Data supplied: Begin

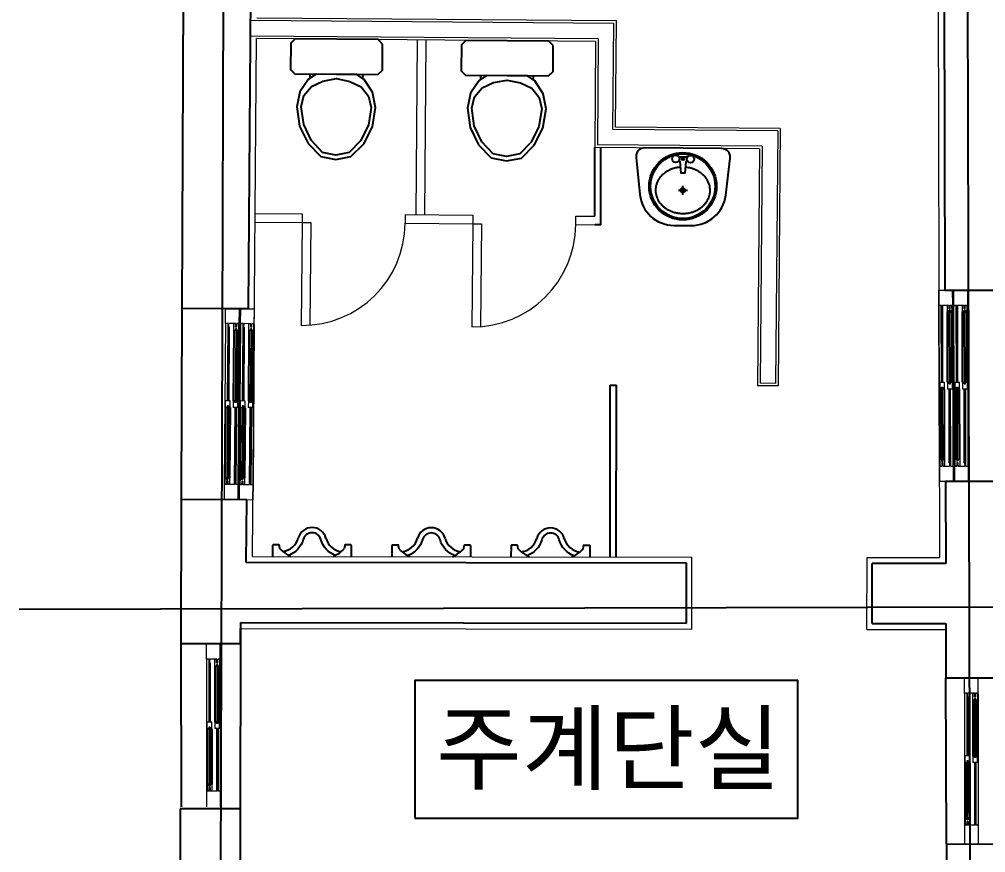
# Model space of a CAD drawing. Header units: millimetres. Extents: x 580267 to 706267, y -57600 to 28800.
# Drawn here: x 654560 to 660184, y -12008 to -7154 of the extents above; entities that cross this region are included whole.
import ezdxf
from ezdxf.enums import TextEntityAlignment as Align

# ---------------------------------------------------------------- set-up
doc = ezdxf.new("R2010")
doc.units = ezdxf.units.MM
doc.header["$LTSCALE"] = 5
for name, color, linetype, lineweight in [('ELE-1 (벽체 마감)', 3, 'Continuous', 9), ('ELE-2 (마감 창호)', 4, 'Continuous', 9), ('ELE-3  (마감)', 5, 'Continuous', 0)]:
    doc.layers.add(name, color=color, linetype=linetype, lineweight=lineweight)
for name, color, linetype in [('text', 7, 'Continuous'), ('단면선', 2, 'Continuous'), ('입면', 7, 'Continuous'), ('입면선', 8, 'Continuous'), ('중심선', 1, 'Continuous'), ('창', 4, 'Continuous')]:
    doc.layers.add(name, color=color, linetype=linetype)
doc.styles.get("Standard").update_dxf_attribs({"font": 'Gulim.ttf'})

# ---------------------------------------------------------------- blocks, each defined once
blk = doc.blocks.new('A$C34A56ACF')
at = {"layer": '입면선'}
for p, q in [((-230, 138.6), (-230, 76)), ((-230, 138.6), (-230, 76)), ((230, 76), (230, 138.6)), ((230, 76), (230, 138.6)), ((-225, 71), (-195, 71)), ((-225, 71), (-195, 71)), ((-190, 76), (-187.4, 94.5)), ((-190, 76), (-187.4, 94.5)), ((187.4, 94.5), (190, 76)), ((187.4, 94.5), (190, 76)), ((195, 71), (225, 71)), ((195, 71), (225, 71))]:
    blk.add_line(p, q, dxfattribs=at)
for points in [[(-124.5, 138.6, 0.057695), (-170, 109.9)], [(-124.5, 138.6, 0.057695), (-170, 109.9)], [(-136.7, 132.3, -0.241277), (-51.1, 38.9, 0.761905), (51.1, 38.9, -0.241277), (136.7, 132.3)], [(-136.7, 132.3, -0.241277), (-51.1, 38.9, 0.761905), (51.1, 38.9, -0.241277), (136.7, 132.3)], [(170, 109.9, 0.057695), (124.5, 138.6, 0.057695)], [(170, 109.9, 0.057695), (124.5, 138.6, 0.057695)]]:
    blk.add_lwpolyline(points, format="xyb", dxfattribs=at)
for centre, radius, start, end in [((-225, 76), 5, 180, 270), ((-225, 76), 5, 180, 270), ((-195.8, 76.8), 5.89, 278.1301, 351.8699), ((-195.8, 76.8), 5.89, 278.1301, 351.8699), ((2924.2, -3386.6), 4669, 131.5072, 131.7921), ((2924.2, -3386.6), 4669, 131.5072, 131.7921), ((-185, 2), 108.9, 15.3921, 82.0863), ((-185, 2), 108.9, 15.3921, 82.0863), ((185, 2), 108.9, 97.9137, 164.6079), ((185, 2), 108.9, 97.9137, 164.6079), ((-2924.2, -3386.6), 4669, 48.2079, 48.4928), ((-2924.2, -3386.6), 4669, 48.2079, 48.4928), ((195, 76), 5, 180, 270), ((195, 76), 5, 180, 270), ((225, 76), 5, 270, 0), ((225, 76), 5, 270, 0), ((0, 53), 83, 195.3921, 344.6079), ((0, 53), 83, 195.3921, 344.6079)]:
    blk.add_arc(centre, radius, start, end, dxfattribs=at)
blk = doc.blocks.new('535X700_P2_')
at = {"color": 0, "linetype": 'Continuous'}
for p, q in [((203.6, 148.8), (226.3, 148.8)), ((226.3, -156.7), (203.6, -156.7))]:
    blk.add_line(p, q, dxfattribs=at)
for points in [[(25.4, 263.3), (0, 237.9), (0, -245.8), (25.4, -271.2), (178.2, -271.2), (203.6, -245.8), (203.6, 237.9), (178.2, 263.3)], [(607.5, -165.9), (682.6, -91.7), (700.1, -4), (682.6, 83.7), (607.5, 158), (507.7, 207.7), (394.6, 225.1), (306.9, 207.7), (232.5, 158), (203.6, 114.8), (203.6, -122.8), (232.5, -165.9), (306.9, -215.6), (394.6, -233.1), (507.7, -215.6)], [(276, -147.9), (244.6, -81.9), (229.1, -4), (244.6, 74), (276, 140), (329.3, 184.2), (394.6, 199.7), (498, 184.2), (589.5, 140), (659.1, 74), (674.6, -4), (659.1, -81.9), (589.5, -147.9), (498, -192.1), (394.6, -207.6), (329.3, -192.1)]]:
    blk.add_lwpolyline(points, close=True, dxfattribs=at)
blk = doc.blocks.new('A$C26F80365')
at = {"layer": '입면선'}
for p, q in [((-25, 194.2), (25, 194.2)), ((-26, 0), (27, 0)), ((0, -26.6), (0, 26.4))]:
    blk.add_line(p, q, dxfattribs=at)
blk.add_lwpolyline([(-51, -205), (51, -205, 0.382162), (249.8, -27.1), (273.8, 189.5, 0.447008), (224.1, 245), (-224.1, 245, 0.447008), (-273.8, 189.5), (-249.8, -27.1, 0.382162)], format="xyb", close=True, dxfattribs=at)
blk.add_lwpolyline([(-25, 170.3), (-22.4, 170.3, -0.386916), (-18.1, 166.4), (-12, 101.1), (12, 101.1), (18.1, 166.4, -0.386916), (22.4, 170.3), (25, 170.3)], format="xyb", dxfattribs=at)
for centre, radius in [((0, 23.4), 196.4), ((0, 23.4), 187.9), ((-42.7, 182.3), 21.4), ((0, 182.3), 6.83), ((42.7, 182.3), 21.4), ((0, -0.1), 12.8)]:
    blk.add_circle(centre, radius, dxfattribs=at)
blk.add_rational_spline([(-15.1, 134.2), (-270, 113.6), (-135, -71.2), (0, -256.1), (135, -71.2), (270, 113.6), (15.1, 134.2)], [1, 0.527194519268, 1, 0.527194519268, 1, 0.527194519268, 1], degree=2, knots=[0, 0, 0, 0.333333, 0.333333, 0.666667, 0.666667, 1, 1, 1], dxfattribs=at)

msp = doc.modelspace()

# ---------------------------------------------------------------- linework, layer by layer
at = {"layer": 'ELE-1 (벽체 마감)'}
for p, q in [((658019.8, -7179), (655906.4, -7161.7)), ((658014.7, -7796.9), (658019.8, -7179)), ((657929.1, -7268.2), (655905.6, -7251.7)), ((657929.1, -7268.2), (657924, -7886.2)), ((658973.7, -7804.8), (658014.7, -7796.9)), ((658973.7, -7804.8), (658961.7, -9274.7)), ((658883, -7894), (657924, -7886.2)), ((658883, -7894), (658871.7, -9274)), ((658961.7, -9274.7), (658871.7, -9274))]:
    msp.add_line(p, q, dxfattribs=at)
at = {"layer": 'ELE-2 (마감 창호)'}
for p, q in [((656869.2, -8292.6), (656877.5, -7274.7)), ((656919.2, -8293), (656927.5, -7275.1)), ((655932.7, -8285), (656206.2, -8287.2)), ((656206.2, -8287.2), (656205.8, -8337.2)), ((656806.2, -8292.1), (656805.8, -8342.1)), ((656806.2, -8292.1), (657199.2, -8295.3)), ((657199.2, -8295.3), (657198.8, -8345.3)), ((657798.7, -8350.2), (657799.1, -8300.2)), ((657799.1, -8300.2), (657908.4, -8301.1)), ((655932.3, -8335), (656205.8, -8337.2)), ((656205.8, -8337.2), (656200.9, -8937.4)), ((656205.8, -8337.2), (656255.8, -8337.6)), ((656255.8, -8337.6), (656250.9, -8937.6)), ((656805.8, -8342.1), (657198.8, -8345.3)), ((657198.8, -8345.3), (657193.9, -8945.5)), ((657198.8, -8345.3), (657248.8, -8345.7)), ((657248.8, -8345.7), (657243.9, -8945.7)), ((657798.7, -8350.2), (657943.4, -8351.4)), ((659911.7, -8731.3), (660079.2, -8731.6)), ((659911.9, -8824), (659911.7, -8732)), ((659991.9, -8818.8), (659991.7, -8731.8)), ((659999.4, -8823.8), (659999.2, -8731.8)), ((660079.4, -8818.6), (660079.2, -8731.6)), ((659914.3, -9752.1), (659911.9, -8824)), ((659911.9, -8824), (659914.9, -8824)), ((659914.9, -8819), (659926.9, -8819)), ((659914.9, -8824), (659914.9, -8819)), ((659926.9, -8839), (659926.9, -8819)), ((659931.9, -8819), (659971.9, -8818.9)), ((659931.9, -8839), (659931.9, -8819)), ((659960.9, -8819.9), (659970.9, -8819.9)), ((659961, -8858.9), (659960.9, -8819.9)), ((659970.9, -8839.9), (659970.9, -8819.9)), ((659971.9, -8838.9), (659971.9, -8818.9)), ((659976.9, -8818.9), (659991.9, -8818.8)), ((659976.9, -8838.9), (659976.9, -8818.9)), ((659977.9, -8819.9), (659987.9, -8819.8)), ((659977.9, -8839.9), (659977.9, -8819.9)), ((659988, -8858.8), (659987.9, -8819.8)), ((659994.3, -9756.9), (659991.9, -8818.8)), ((660001.8, -9751.9), (659999.4, -8823.8)), ((659999.4, -8823.8), (660002.4, -8823.8)), ((660002.4, -8818.8), (660014.4, -8818.8)), ((660002.4, -8823.8), (660002.4, -8818.8)), ((660014.4, -8838.8), (660014.4, -8818.8)), ((660019.4, -8818.8), (660059.4, -8818.7)), ((660019.4, -8838.8), (660019.4, -8818.8)), ((660048.4, -8819.7), (660058.4, -8819.7)), ((660048.5, -8858.7), (660048.4, -8819.7)), ((660058.4, -8839.7), (660058.4, -8819.7)), ((660059.4, -8838.7), (660059.4, -8818.7)), ((660064.4, -8818.6), (660079.4, -8818.6)), ((660064.4, -8838.6), (660064.4, -8818.6)), ((660065.4, -8819.6), (660075.4, -8819.6)), ((660065.4, -8839.6), (660065.4, -8819.6)), ((660075.5, -8858.6), (660075.4, -8819.6)), ((660081.8, -9756.7), (660079.4, -8818.6)), ((655760, -8925.9), (655760.7, -8838.9)), ((655760.7, -8840), (655928.2, -8840.3)), ((655839.9, -8931.5), (655840.7, -8839.5)), ((655847.5, -8926.6), (655848.2, -8839.6)), ((655927.4, -8932.3), (655928.2, -8840.3)), ((659926.9, -8839), (659931.9, -8839)), ((659961, -8858.9), (659969.5, -8858.9)), ((659969.5, -8858.9), (659970.5, -8848.9)), ((659970, -8860.9), (659969.5, -8858.9)), ((659971.5, -8861.9), (659970, -8860.9)), ((659970.5, -8848.9), (659978.5, -8848.9)), ((659970.9, -8839.9), (659977.9, -8839.9)), ((659971.5, -8853.9), (659977.5, -8853.9)), ((659972.5, -9272.4), (659971.5, -8853.9)), ((659971.9, -8838.9), (659976.9, -8838.9)), ((659978.5, -9272.3), (659977.5, -8853.9)), ((659977.5, -8861.9), (659979, -8860.9)), ((659978.5, -8848.9), (659979.5, -8858.9)), ((659979, -8860.9), (659979.5, -8858.9)), ((659979.5, -8858.9), (659988, -8858.8)), ((660014.4, -8838.8), (660019.4, -8838.8)), ((660048.5, -8858.7), (660057, -8858.7)), ((660057, -8858.7), (660058, -8848.7)), ((660057.5, -8860.7), (660057, -8858.7)), ((660059, -8861.7), (660057.5, -8860.7)), ((660058, -8848.7), (660066, -8848.6)), ((660058.4, -8839.7), (660065.4, -8839.6)), ((660059, -8853.7), (660065, -8853.6)), ((660060, -9272.1), (660059, -8853.7)), ((660059.4, -8838.7), (660064.4, -8838.6)), ((660066, -9272.1), (660065, -8853.6)), ((660065, -8861.6), (660066.5, -8860.6)), ((660066, -8848.6), (660067, -8858.6)), ((660066.5, -8860.6), (660067, -8858.6)), ((660067, -8858.6), (660075.5, -8858.6)), ((655760, -8925.9), (655752.3, -9864)), ((655775, -8926), (655760, -8925.9)), ((655774.8, -8946), (655775, -8926)), ((655779.8, -8946), (655780, -8926)), ((655820, -8926.4), (655780, -8926)), ((655808.6, -8966.3), (655809, -8927.3)), ((655819, -8927.4), (655809, -8927.3)), ((655818.8, -8947.4), (655819, -8927.4)), ((655819.8, -8946.4), (655820, -8926.4)), ((655824.8, -8946.4), (655825, -8926.4)), ((655837, -8926.5), (655825, -8926.4)), ((655825.8, -8947.4), (655826, -8927.4)), ((655836, -8927.5), (655826, -8927.4)), ((655839.9, -8931.5), (655832.4, -9859.6)), ((655836, -8927.5), (655835.6, -8966.5)), ((655836.9, -8931.5), (655837, -8926.5)), ((655839.9, -8931.5), (655836.9, -8931.5)), ((655847.5, -8926.6), (655839.8, -9864.7)), ((655862.5, -8926.7), (655847.5, -8926.6)), ((655862.3, -8946.7), (655862.5, -8926.7)), ((655867.3, -8946.8), (655867.5, -8926.8)), ((655907.5, -8927.1), (655867.5, -8926.8)), ((655896.1, -8967), (655896.5, -8928)), ((655906.5, -8928.1), (655896.5, -8928)), ((655906.3, -8948.1), (655906.5, -8928.1)), ((655907.3, -8947.1), (655907.5, -8927.1)), ((655912.3, -8947.1), (655912.5, -8927.1)), ((655924.5, -8927.2), (655912.5, -8927.1)), ((655913.3, -8948.1), (655913.5, -8928.1)), ((655923.5, -8928.2), (655913.5, -8928.1)), ((655927.4, -8932.3), (655919.9, -9860.3)), ((655923.5, -8928.2), (655923.1, -8967.2)), ((655924.4, -8932.2), (655924.5, -8927.2)), ((655927.4, -8932.3), (655924.4, -8932.2)), ((655779.8, -8946), (655774.8, -8946)), ((655817.1, -8966.4), (655808.6, -8966.3)), ((655819.2, -8962.4), (655815.8, -9381)), ((655818.2, -8956.4), (655817.1, -8966.4)), ((655817.6, -8968.4), (655817.1, -8966.4)), ((655819.1, -8969.4), (655817.6, -8968.4)), ((655826.2, -8956.4), (655818.2, -8956.4)), ((655825.8, -8947.4), (655818.8, -8947.4)), ((655825.2, -8961.4), (655819.2, -8961.4)), ((655824.8, -8946.4), (655819.8, -8946.4)), ((655825.2, -8962.4), (655821.8, -9381)), ((655825.1, -8969.4), (655826.6, -8968.4)), ((655827.1, -8966.4), (655826.2, -8956.4)), ((655826.6, -8968.4), (655827.1, -8966.4)), ((655835.6, -8966.5), (655827.1, -8966.4)), ((655867.3, -8946.8), (655862.3, -8946.7)), ((655904.6, -8967.1), (655896.1, -8967)), ((655906.7, -8963.1), (655903.3, -9381.7)), ((655905.7, -8957.1), (655904.6, -8967.1)), ((655905.1, -8969.1), (655904.6, -8967.1)), ((655906.6, -8970.1), (655905.1, -8969.1)), ((655913.7, -8957.1), (655905.7, -8957.1)), ((655913.3, -8948.1), (655906.3, -8948.1)), ((655912.7, -8962.1), (655906.7, -8962.1)), ((655912.3, -8947.1), (655907.3, -8947.1)), ((655912.7, -8963.1), (655909.3, -9381.7)), ((655912.6, -8970.1), (655914.1, -8969.1)), ((655914.6, -8967.1), (655913.7, -8957.1)), ((655914.1, -8969.1), (655914.6, -8967.1)), ((655923.1, -8967.2), (655914.6, -8967.1)), ((659917, -9268.5), (659944, -9268.4)), ((659917, -9268.5), (659917.1, -9307.5)), ((659944.1, -9307.4), (659944, -9268.4)), ((659944.1, -9307.4), (659944, -9268.4)), ((659962, -9267.4), (659970.5, -9267.4)), ((659962, -9267.4), (659962.1, -9306.4)), ((659971, -9265.4), (659970.5, -9267.4)), ((659971.6, -9277.4), (659970.5, -9267.4)), ((659972.5, -9264.4), (659971, -9265.4)), ((659971.6, -9277.4), (659979.6, -9277.3)), ((659972.5, -9272.4), (659978.5, -9272.3)), ((659978.5, -9264.3), (659980, -9265.3)), ((659979.6, -9277.3), (659980.5, -9267.3)), ((659980, -9265.3), (659980.5, -9267.3)), ((659980.5, -9267.3), (659989, -9267.3)), ((659989, -9267.3), (659989.1, -9306.3)), ((660004.5, -9268.3), (660031.5, -9268.2)), ((660004.5, -9268.3), (660004.6, -9307.3)), ((660031.6, -9307.2), (660031.5, -9268.2)), ((660031.6, -9307.2), (660031.5, -9268.2)), ((660049.5, -9267.2), (660058, -9267.1)), ((660049.5, -9267.2), (660049.6, -9306.2)), ((660058.5, -9265.1), (660058, -9267.1)), ((660059.1, -9277.1), (660058, -9267.1)), ((660060, -9264.1), (660058.5, -9265.1)), ((660059.1, -9277.1), (660067.1, -9277.1)), ((660060, -9272.1), (660066, -9272.1)), ((660066, -9264.1), (660067.5, -9265.1)), ((660067.1, -9277.1), (660068, -9267.1)), ((660067.5, -9265.1), (660068, -9267.1)), ((660068, -9267.1), (660076.5, -9267.1)), ((660076.5, -9267.1), (660076.6, -9306.1)), ((659917.1, -9307.5), (659925.6, -9307.5)), ((659925.6, -9307.5), (659926.6, -9297.5)), ((659926.1, -9309.5), (659925.6, -9307.5)), ((659927.6, -9310.5), (659926.1, -9309.5)), ((659926.6, -9297.5), (659934.6, -9297.5)), ((659927.6, -9302.5), (659933.6, -9302.5)), ((659928.7, -9721.1), (659927.6, -9302.5)), ((659934.7, -9721.1), (659933.6, -9302.5)), ((659933.6, -9310.5), (659935.1, -9309.5)), ((659934.6, -9297.5), (659935.6, -9307.5)), ((659935.1, -9309.5), (659935.6, -9307.5)), ((659935.6, -9307.5), (659944.1, -9307.4)), ((659962.1, -9306.4), (659989.1, -9306.3)), ((660004.6, -9307.3), (660013.1, -9307.3)), ((660013.1, -9307.3), (660014.1, -9297.3)), ((660013.6, -9309.3), (660013.1, -9307.3)), ((660015.1, -9310.3), (660013.6, -9309.3)), ((660014.1, -9297.3), (660022.1, -9297.2)), ((660015.1, -9302.3), (660021.1, -9302.2)), ((660016.2, -9720.9), (660015.1, -9302.3)), ((660022.2, -9720.8), (660021.1, -9302.2)), ((660021.1, -9310.2), (660022.6, -9309.2)), ((660022.1, -9297.2), (660023.1, -9307.2)), ((660022.6, -9309.2), (660023.1, -9307.2)), ((660023.1, -9307.2), (660031.6, -9307.2)), ((660049.6, -9306.2), (660076.6, -9306.1)), ((655760, -9415.5), (655760.3, -9376.5)), ((655787.3, -9376.7), (655760.3, -9376.5)), ((655787, -9415.7), (655787.3, -9376.7)), ((655805.3, -9375.9), (655805, -9414.9)), ((655805.3, -9375.9), (655805, -9414.9)), ((655813.8, -9375.9), (655805.3, -9375.9)), ((655814.3, -9374), (655813.8, -9375.9)), ((655814.7, -9386), (655813.8, -9375.9)), ((655815.8, -9373), (655814.3, -9374)), ((655822.7, -9386), (655814.7, -9386)), ((655821.8, -9381), (655815.8, -9381)), ((655821.8, -9373), (655823.3, -9374)), ((655823.8, -9376), (655822.7, -9386)), ((655823.3, -9374), (655823.8, -9376)), ((655832.3, -9376.1), (655823.8, -9376)), ((655832, -9415.1), (655832.3, -9376.1)), ((655847.5, -9416.2), (655847.8, -9377.2)), ((655874.8, -9377.4), (655847.8, -9377.2)), ((655874.5, -9416.4), (655874.8, -9377.4)), ((655892.8, -9376.6), (655892.5, -9415.6)), ((655892.8, -9376.6), (655892.5, -9415.6)), ((655901.3, -9376.7), (655892.8, -9376.6)), ((655901.8, -9374.7), (655901.3, -9376.7)), ((655902.2, -9386.7), (655901.3, -9376.7)), ((655903.3, -9373.7), (655901.8, -9374.7)), ((655910.2, -9386.7), (655902.2, -9386.7)), ((655909.3, -9381.7), (655903.3, -9381.7)), ((655909.3, -9373.7), (655910.8, -9374.7)), ((655911.3, -9376.7), (655910.2, -9386.7)), ((655910.8, -9374.7), (655911.3, -9376.7)), ((655919.8, -9376.8), (655911.3, -9376.7)), ((655919.5, -9415.8), (655919.8, -9376.8)), ((655768.5, -9415.6), (655760, -9415.5)), ((655770.5, -9410.6), (655767.1, -9829.1)), ((655769.6, -9405.6), (655768.5, -9415.6)), ((655769, -9417.6), (655768.5, -9415.6)), ((655770.5, -9418.6), (655769, -9417.6)), ((655777.6, -9405.7), (655769.6, -9405.6)), ((655776.5, -9410.6), (655770.5, -9410.6)), ((655776.5, -9410.6), (655773.1, -9829.1)), ((655776.5, -9418.6), (655778, -9417.7)), ((655777.6, -9405.7), (655778.5, -9415.7)), ((655778, -9417.7), (655778.5, -9415.7)), ((655787, -9415.7), (655778.5, -9415.7)), ((655832, -9415.1), (655805, -9414.9)), ((655856, -9416.3), (655847.5, -9416.2)), ((655858, -9411.3), (655854.6, -9829.8)), ((655857.1, -9406.3), (655856, -9416.3)), ((655856.5, -9418.3), (655856, -9416.3)), ((655858, -9419.3), (655856.5, -9418.3)), ((655865.1, -9406.4), (655857.1, -9406.3)), ((655864, -9411.4), (655858, -9411.3)), ((655864, -9411.4), (655860.6, -9829.8)), ((655864, -9419.4), (655865.5, -9418.4)), ((655865.1, -9406.4), (655866, -9416.4)), ((655865.5, -9418.4), (655866, -9416.4)), ((655874.5, -9416.4), (655866, -9416.4)), ((655919.5, -9415.8), (655892.5, -9415.6)), ((659918.2, -9717.1), (659926.7, -9717.1)), ((659918.3, -9756.1), (659918.2, -9717.1)), ((659927.2, -9715.1), (659926.7, -9717.1)), ((659926.7, -9717.1), (659927.7, -9727.1)), ((659928.7, -9714.1), (659927.2, -9715.1)), ((659927.7, -9727.1), (659935.7, -9727.1)), ((659928.7, -9722.1), (659934.7, -9722.1)), ((659934.7, -9714.1), (659936.2, -9715.1)), ((659935.7, -9727.1), (659936.7, -9717.1)), ((659936.2, -9715.1), (659936.7, -9717.1)), ((659936.7, -9717.1), (659945.2, -9717)), ((659945.2, -9717), (659945.3, -9756)), ((660005.7, -9716.9), (660014.2, -9716.9)), ((660005.8, -9755.9), (660005.7, -9716.9)), ((660014.7, -9714.9), (660014.2, -9716.9)), ((660014.2, -9716.9), (660015.2, -9726.9)), ((660016.2, -9713.9), (660014.7, -9714.9)), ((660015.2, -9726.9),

Data supplied: End

• _The problem_
Only the lines from the first line of the entries through the line containing "for name, color, linetype in" should be output, exactly as they are, without pictures.

• _Answer section_
# Model space of a CAD drawing. Header units: millimetres. Extents: x 580267 to 706267, y -57600 to 28800.
# Drawn here: x 654560 to 660184, y -12008 to -7154 of the extents above; entities that cross this region are included whole.
import ezdxf
from ezdxf.enums import TextEntityAlignment as Align

# ---------------------------------------------------------------- set-up
doc = ezdxf.new("R2010")
doc.units = ezdxf.units.MM
doc.header["$LTSCALE"] = 5
for name, color, linetype, lineweight in [('ELE-1 (벽체 마감)', 3, 'Continuous', 9), ('ELE-2 (마감 창호)', 4, 'Continuous', 9), ('ELE-3  (마감)', 5, 'Continuous', 0)]:
    doc.layers.add(name, color=color, linetype=linetype, lineweight=lineweight)
for name, color, linetype in [('text', 7, 'Continuous'), ('단면선', 2, 'Continuous'), ('입면', 7, 'Continuous'), ('입면선', 8, 'Continuous'), ('중심선', 1, 'Continuous'), ('창', 4, 'Continuous')]:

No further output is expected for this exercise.